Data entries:
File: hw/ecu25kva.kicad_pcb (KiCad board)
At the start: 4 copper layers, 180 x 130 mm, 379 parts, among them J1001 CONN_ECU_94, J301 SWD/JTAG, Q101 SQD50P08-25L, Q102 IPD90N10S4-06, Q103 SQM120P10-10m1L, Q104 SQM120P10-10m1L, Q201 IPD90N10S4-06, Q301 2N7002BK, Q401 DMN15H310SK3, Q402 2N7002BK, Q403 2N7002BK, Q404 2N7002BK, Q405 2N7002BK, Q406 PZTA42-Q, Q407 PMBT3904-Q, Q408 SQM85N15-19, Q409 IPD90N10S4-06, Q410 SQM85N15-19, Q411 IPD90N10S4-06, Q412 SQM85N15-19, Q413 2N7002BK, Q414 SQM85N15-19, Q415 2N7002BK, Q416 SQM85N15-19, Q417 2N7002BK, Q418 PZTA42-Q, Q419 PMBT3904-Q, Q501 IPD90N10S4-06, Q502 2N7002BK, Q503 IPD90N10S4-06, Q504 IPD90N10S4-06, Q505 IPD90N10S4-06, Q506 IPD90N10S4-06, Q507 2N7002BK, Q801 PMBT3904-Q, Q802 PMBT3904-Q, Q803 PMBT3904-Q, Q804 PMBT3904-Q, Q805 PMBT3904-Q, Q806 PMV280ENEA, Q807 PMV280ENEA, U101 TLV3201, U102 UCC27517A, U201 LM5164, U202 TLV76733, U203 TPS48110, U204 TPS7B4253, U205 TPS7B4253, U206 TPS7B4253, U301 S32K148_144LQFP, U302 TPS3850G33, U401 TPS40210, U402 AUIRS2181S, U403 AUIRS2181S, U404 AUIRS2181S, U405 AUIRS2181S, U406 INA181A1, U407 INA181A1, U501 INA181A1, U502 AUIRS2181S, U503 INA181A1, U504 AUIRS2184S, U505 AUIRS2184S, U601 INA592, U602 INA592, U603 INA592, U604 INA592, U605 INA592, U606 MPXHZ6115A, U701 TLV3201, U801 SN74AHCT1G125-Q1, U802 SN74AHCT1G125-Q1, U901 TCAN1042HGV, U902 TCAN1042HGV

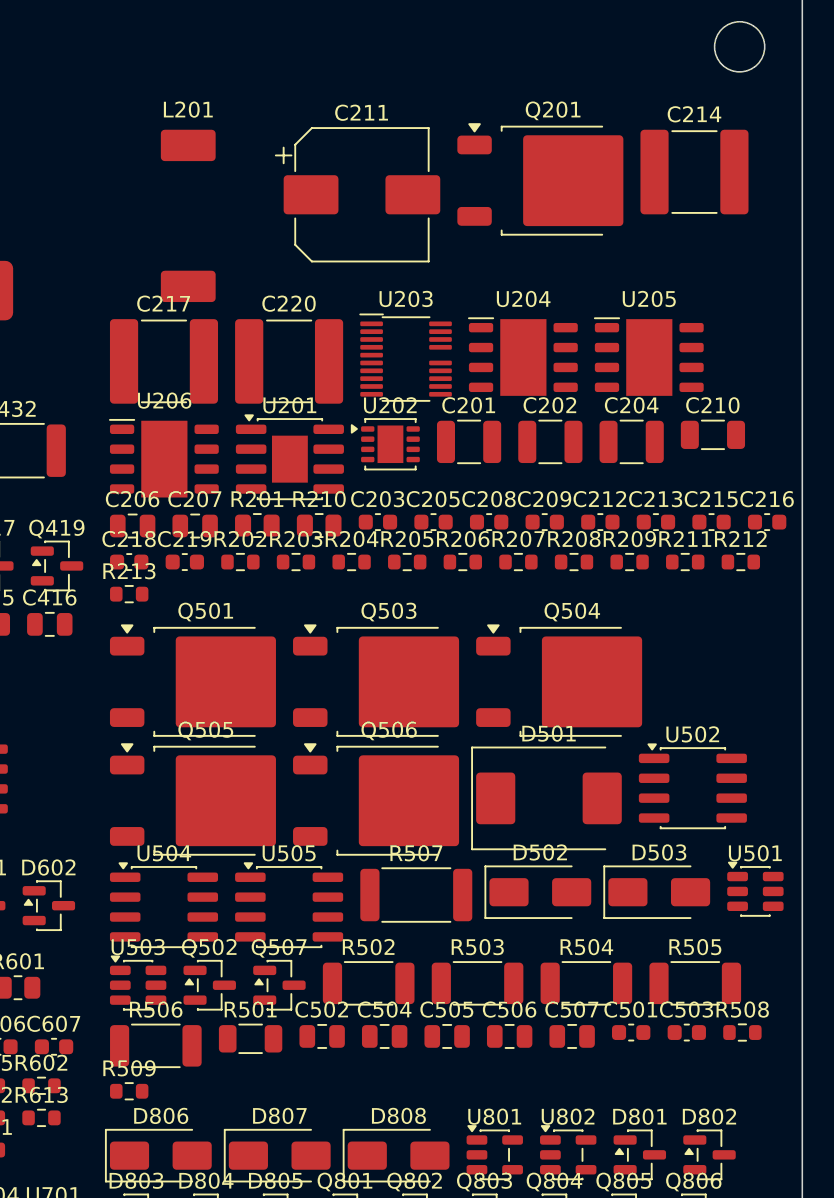
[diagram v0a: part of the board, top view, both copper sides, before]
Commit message: PCB review fixes: shorts and parity fail the check, fine-pitch and fused-feed classes, linked footprints
- check_pcb fails on every DRC error and on schematic parity
- footprints carry their schematic path and fields; net names match the schematic's
- 3V3/5V/boost-controller nets and shunt tops at 0.15 mm; pin-6 EGR feed sized for its 10 A loom fuse; EGR high-side gates at 0.6 mm
- metering/EGR block moved into the contact band
- layout guide: Q101/Q102 gate drive corrected, heat rules for Q103/Q104 and the EGR bridge
- brief 6.3: pitch measured over ten gaps
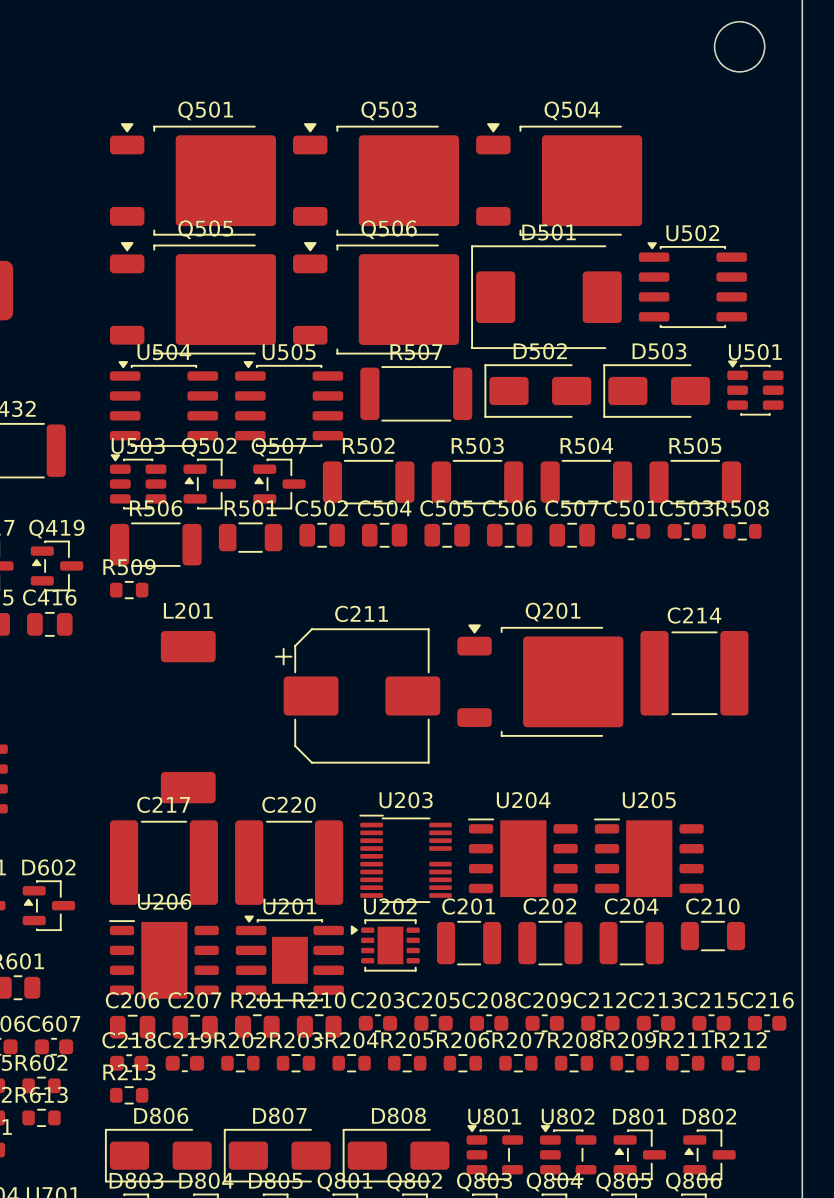
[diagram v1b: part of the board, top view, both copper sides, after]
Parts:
- moved C210 32.0 mm to (194.3, 80.8)
- moved Q502 32.0 mm to (162.2, 51.9)
- moved Q505 32.0 mm to (161.9, 40.1)
- moved Q506 32.0 mm to (173.6, 40.1)
- moved Q507 32.0 mm to (166.6, 51.9)
- moved U503 32.0 mm to (157.6, 51.9)
- moved C203 32.0 mm to (172.9, 86.3)
- moved C205 32.0 mm to (176.5, 86.3)
- moved C206 32.0 mm to (157.2, 86.6)
- moved C207 32.0 mm to (161.2, 86.6)
- moved C208 32.0 mm to (180.0, 86.3)
- moved C209 32.0 mm to (183.6, 86.3)
- moved C212 32.0 mm to (187.1, 86.3)
- moved C213 32.0 mm to (190.7, 86.3)
- moved C215 32.0 mm to (194.2, 86.3)
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
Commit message: Separate the supervisor's RESET and WDO nets: their pullups overlapped and shorted them
The two 10k pullups sat in one column 2.54 mm apart, and RESET's lead
wire ran through WDO's pullup pin. RESET, WDO, the MCU reset pin, the
kill inverter gate and WDT_FAULT were one net, so firmware could not
tell a watchdog trip from a rail trip. WDO's pullup now hangs below its
pin. check_netlist gains MUST_SEPARATE so it cannot come back; the
production board's seven pads were moved onto the new net in place.
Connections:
- J301 pad 10: /mcu/WDT_FAULT -> /mcu/~{RESET}
- Q301 pad 1: /mcu/WDT_FAULT -> /mcu/~{RESET}
- R301 pad 2: /mcu/WDT_FAULT -> /mcu/~{RESET}
- R302 pad 1: /3V3_MCU -> /mcu/WDT_FAULT
- R302 pad 2: /mcu/WDT_FAULT -> /3V3_MCU
- U301 pad 141: /mcu/WDT_FAULT -> /mcu/~{RESET}
- U302 pad 9: /mcu/WDT_FAULT -> /mcu/~{RESET}

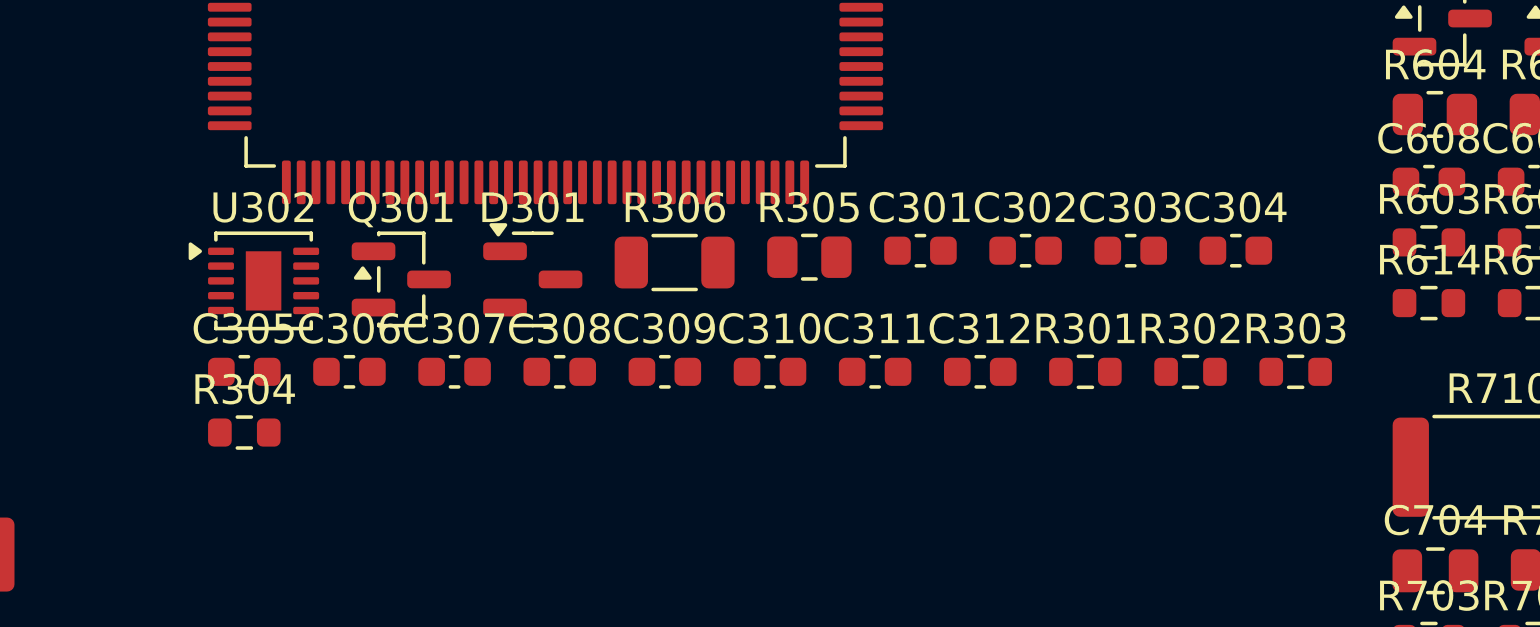
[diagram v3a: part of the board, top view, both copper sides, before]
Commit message: Prototype review fixes: watchdog kill restored, pour checks that can fail
- D302 (BAT54Q-7-F, anode ~RESET, cathode WDT_FAULT) restores the
  watchdog-to-gate-kill path the 15 Oct supervisor fix removed; production
  and prototype. check_netlist WDO_KILL guards it. WDT_FAULT no longer
  records which trip it was; docs corrected.
- gen_board: sync stage (rename shifted refs, place new parts on a routed
  board), clusters stage, rip_thin, per-net IPC targets in widen, outer-only
  routing for nets In2 cannot carry, finish undoes a pass that necks a pour.
- Tests: pour connectivity read from pcbnew (the DRC list stops at ~500),
  test_no_necks, test_track_power_widths (TRACK_AMPS), test_inputs_committed.
- The 5 V buck's output and switch node now run on the outer layers.
- check_pcb: a parity entry with no items no longer crashes it.
- bring-up guide: probe rating, charged boost caps, 5 A limit, kill FETs.
- Decisions §15, status, handoff traps; fab files and PDF rebuilt.
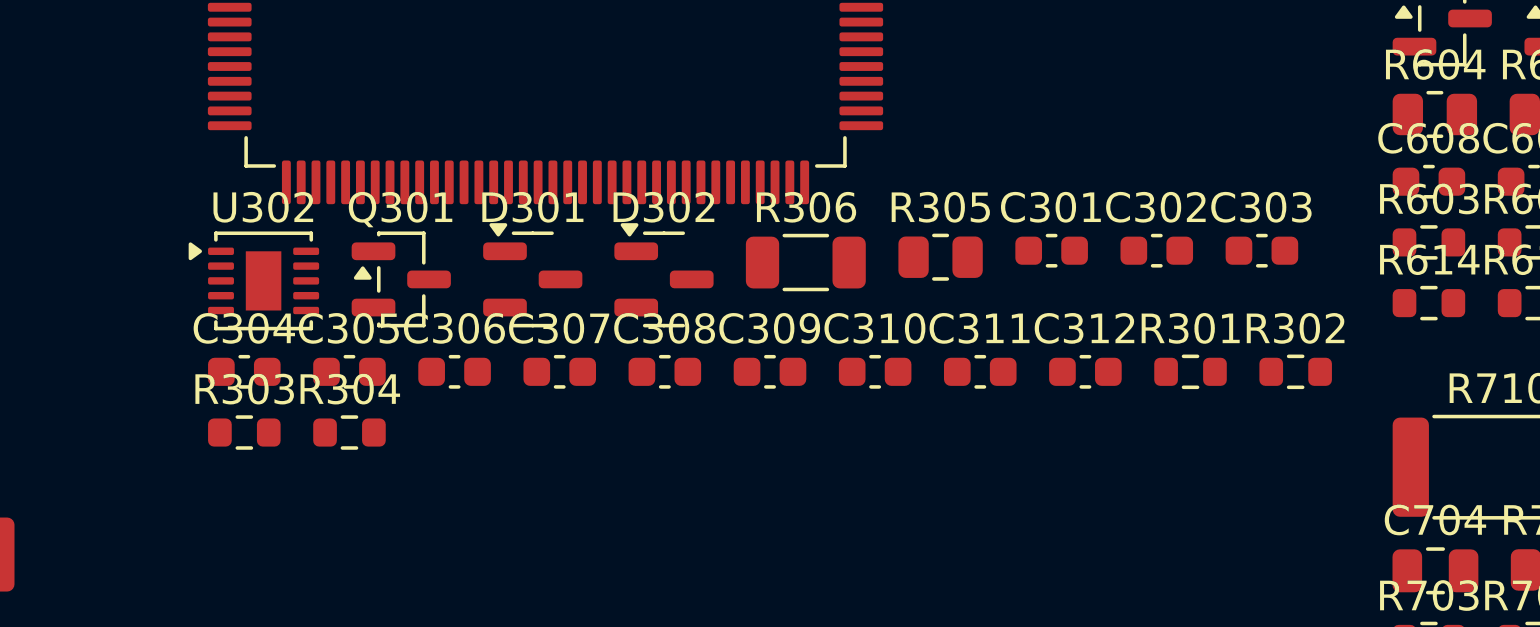
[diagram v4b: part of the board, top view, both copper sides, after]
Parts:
- added D302: BAT54Q-7-F, ecu25kva:SOT-23_Zener_K1_A2, F.Cu at (97.2, 93.6)
- moved R303 35.6 mm to (83.0, 98.8)
- moved C304 33.7 mm to (83.0, 96.8)
- moved C303 4.43 mm to (117.4, 92.7)
- moved C301 4.43 mm to (110.3, 92.7)
- moved C302 4.43 mm to (113.8, 92.7)
- moved R305 4.43 mm to (106.5, 92.9)
- moved R306 4.43 mm to (102.0, 93.1)
- moved C309 3.55 mm to (100.8, 96.8)
- moved R302 3.55 mm to (118.5, 96.8)
- moved C305 3.55 mm to (86.6, 96.8)
- moved C306 3.55 mm to (90.1, 96.8)
- moved C307 3.55 mm to (93.7, 96.8)
- moved C308 3.55 mm to (97.2, 96.8)
- moved C310 3.55 mm to (104.3, 96.8)
- moved C311 3.55 mm to (107.9, 96.8)

Your objective:
Without the pictures, retype each line of the records above exactly.

Problem solution:
File: hw/ecu25kva.kicad_pcb (KiCad board)
At the start: 4 copper layers, 180 x 130 mm, 379 parts, among them J1001 CONN_ECU_94, J301 SWD/JTAG, Q101 SQD50P08-25L, Q102 IPD90N10S4-06, Q103 SQM120P10-10m1L, Q104 SQM120P10-10m1L, Q201 IPD90N10S4-06, Q301 2N7002BK, Q401 DMN15H310SK3, Q402 2N7002BK, Q403 2N7002BK, Q404 2N7002BK, Q405 2N7002BK, Q406 PZTA42-Q, Q407 PMBT3904-Q, Q408 SQM85N15-19, Q409 IPD90N10S4-06, Q410 SQM85N15-19, Q411 IPD90N10S4-06, Q412 SQM85N15-19, Q413 2N7002BK, Q414 SQM85N15-19, Q415 2N7002BK, Q416 SQM85N15-19, Q417 2N7002BK, Q418 PZTA42-Q, Q419 PMBT3904-Q, Q501 IPD90N10S4-06, Q502 2N7002BK, Q503 IPD90N10S4-06, Q504 IPD90N10S4-06, Q505 IPD90N10S4-06, Q506 IPD90N10S4-06, Q507 2N7002BK, Q801 PMBT3904-Q, Q802 PMBT3904-Q, Q803 PMBT3904-Q, Q804 PMBT3904-Q, Q805 PMBT3904-Q, Q806 PMV280ENEA, Q807 PMV280ENEA, U101 TLV3201, U102 UCC27517A, U201 LM5164, U202 TLV76733, U203 TPS48110, U204 TPS7B4253, U205 TPS7B4253, U206 TPS7B4253, U301 S32K148_144LQFP, U302 TPS3850G33, U401 TPS40210, U402 AUIRS2181S, U403 AUIRS2181S, U404 AUIRS2181S, U405 AUIRS2181S, U406 INA181A1, U407 INA181A1, U501 INA181A1, U502 AUIRS2181S, U503 INA181A1, U504 AUIRS2184S, U505 AUIRS2184S, U601 INA592, U602 INA592, U603 INA592, U604 INA592, U605 INA592, U606 MPXHZ6115A, U701 TLV3201, U801 SN74AHCT1G125-Q1, U802 SN74AHCT1G125-Q1, U901 TCAN1042HGV, U902 TCAN1042HGV

[diagram v0a: part of the board, top view, both copper sides, before]
Commit message: PCB review fixes: shorts and parity fail the check, fine-pitch and fused-feed classes, linked footprints
- check_pcb fails on every DRC error and on schematic parity
- footprints carry their schematic path and fields; net names match the schematic's
- 3V3/5V/boost-controller nets and shunt tops at 0.15 mm; pin-6 EGR feed sized for its 10 A loom fuse; EGR high-side gates at 0.6 mm
- metering/EGR block moved into the contact band
- layout guide: Q101/Q102 gate drive corrected, heat rules for Q103/Q104 and the EGR bridge
- brief 6.3: pitch measured over ten gaps
[diagram v1b: part of the board, top view, both copper sides, after]
Parts:
- moved C210 32.0 mm to (194.3, 80.8)
- moved Q502 32.0 mm to (162.2, 51.9)
- moved Q505 32.0 mm to (161.9, 40.1)
- moved Q506 32.0 mm to (173.6, 40.1)
- moved Q507 32.0 mm to (166.6, 51.9)
- moved U503 32.0 mm to (157.6, 51.9)
- moved C203 32.0 mm to (172.9, 86.3)
- moved C205 32.0 mm to (176.5, 86.3)
- moved C206 32.0 mm to (157.2, 86.6)
- moved C207 32.0 mm to (161.2, 86.6)
- moved C208 32.0 mm to (180.0, 86.3)
- moved C209 32.0 mm to (183.6, 86.3)
- moved C212 32.0 mm to (187.1, 86.3)
- moved C213 32.0 mm to (190.7, 86.3)
- moved C215 32.0 mm to (194.2, 86.3)

Commit message: Separate the supervisor's RESET and WDO nets: their pullups overlapped and shorted them
The two 10k pullups sat in one column 2.54 mm apart, and RESET's lead
wire ran through WDO's pullup pin. RESET, WDO, the MCU reset pin, the
kill inverter gate and WDT_FAULT were one net, so firmware could not
tell a watchdog trip from a rail trip. WDO's pullup now hangs below its
pin. check_netlist gains MUST_SEPARATE so it cannot come back; the
production board's seven pads were moved onto the new net in place.
Connections:
- J301 pad 10: /mcu/WDT_FAULT -> /mcu/~{RESET}
- Q301 pad 1: /mcu/WDT_FAULT -> /mcu/~{RESET}
- R301 pad 2: /mcu/WDT_FAULT -> /mcu/~{RESET}
- R302 pad 1: /3V3_MCU -> /mcu/WDT_FAULT
- R302 pad 2: /mcu/WDT_FAULT -> /3V3_MCU
- U301 pad 141: /mcu/WDT_FAULT -> /mcu/~{RESET}
- U302 pad 9: /mcu/WDT_FAULT -> /mcu/~{RESET}

[diagram v3a: part of the board, top view, both copper sides, before]
Commit message: Prototype review fixes: watchdog kill restored, pour checks that can fail
- D302 (BAT54Q-7-F, anode ~RESET, cathode WDT_FAULT) restores the
  watchdog-to-gate-kill path the 15 Oct supervisor fix removed; production
  and prototype. check_netlist WDO_KILL guards it. WDT_FAULT no longer
  records which trip it was; docs corrected.
- gen_board: sync stage (rename shifted refs, place new parts on a routed
  board), clusters stage, rip_thin, per-net IPC targets in widen, outer-only
  routing for nets In2 cannot carry, finish undoes a pass that necks a pour.
- Tests: pour connectivity read from pcbnew (the DRC list stops at ~500),
  test_no_necks, test_track_power_widths (TRACK_AMPS), test_inputs_committed.
- The 5 V buck's output and switch node now run on the outer layers.
- check_pcb: a parity entry with no items no longer crashes it.
- bring-up guide: probe rating, charged boost caps, 5 A limit, kill FETs.
- Decisions §15, status, handoff traps; fab files and PDF rebuilt.
[diagram v4b: part of the board, top view, both copper sides, after]
Parts:
- added D302: BAT54Q-7-F, ecu25kva:SOT-23_Zener_K1_A2, F.Cu at (97.2, 93.6)
- moved R303 35.6 mm to (83.0, 98.8)
- moved C304 33.7 mm to (83.0, 96.8)
- moved C303 4.43 mm to (117.4, 92.7)
- moved C301 4.43 mm to (110.3, 92.7)
- moved C302 4.43 mm to (113.8, 92.7)
- moved R305 4.43 mm to (106.5, 92.9)
- moved R306 4.43 mm to (102.0, 93.1)
- moved C309 3.55 mm to (100.8, 96.8)
- moved R302 3.55 mm to (118.5, 96.8)
- moved C305 3.55 mm to (86.6, 96.8)
- moved C306 3.55 mm to (90.1, 96.8)
- moved C307 3.55 mm to (93.7, 96.8)
- moved C308 3.55 mm to (97.2, 96.8)
- moved C310 3.55 mm to (104.3, 96.8)
- moved C311 3.55 mm to (107.9, 96.8)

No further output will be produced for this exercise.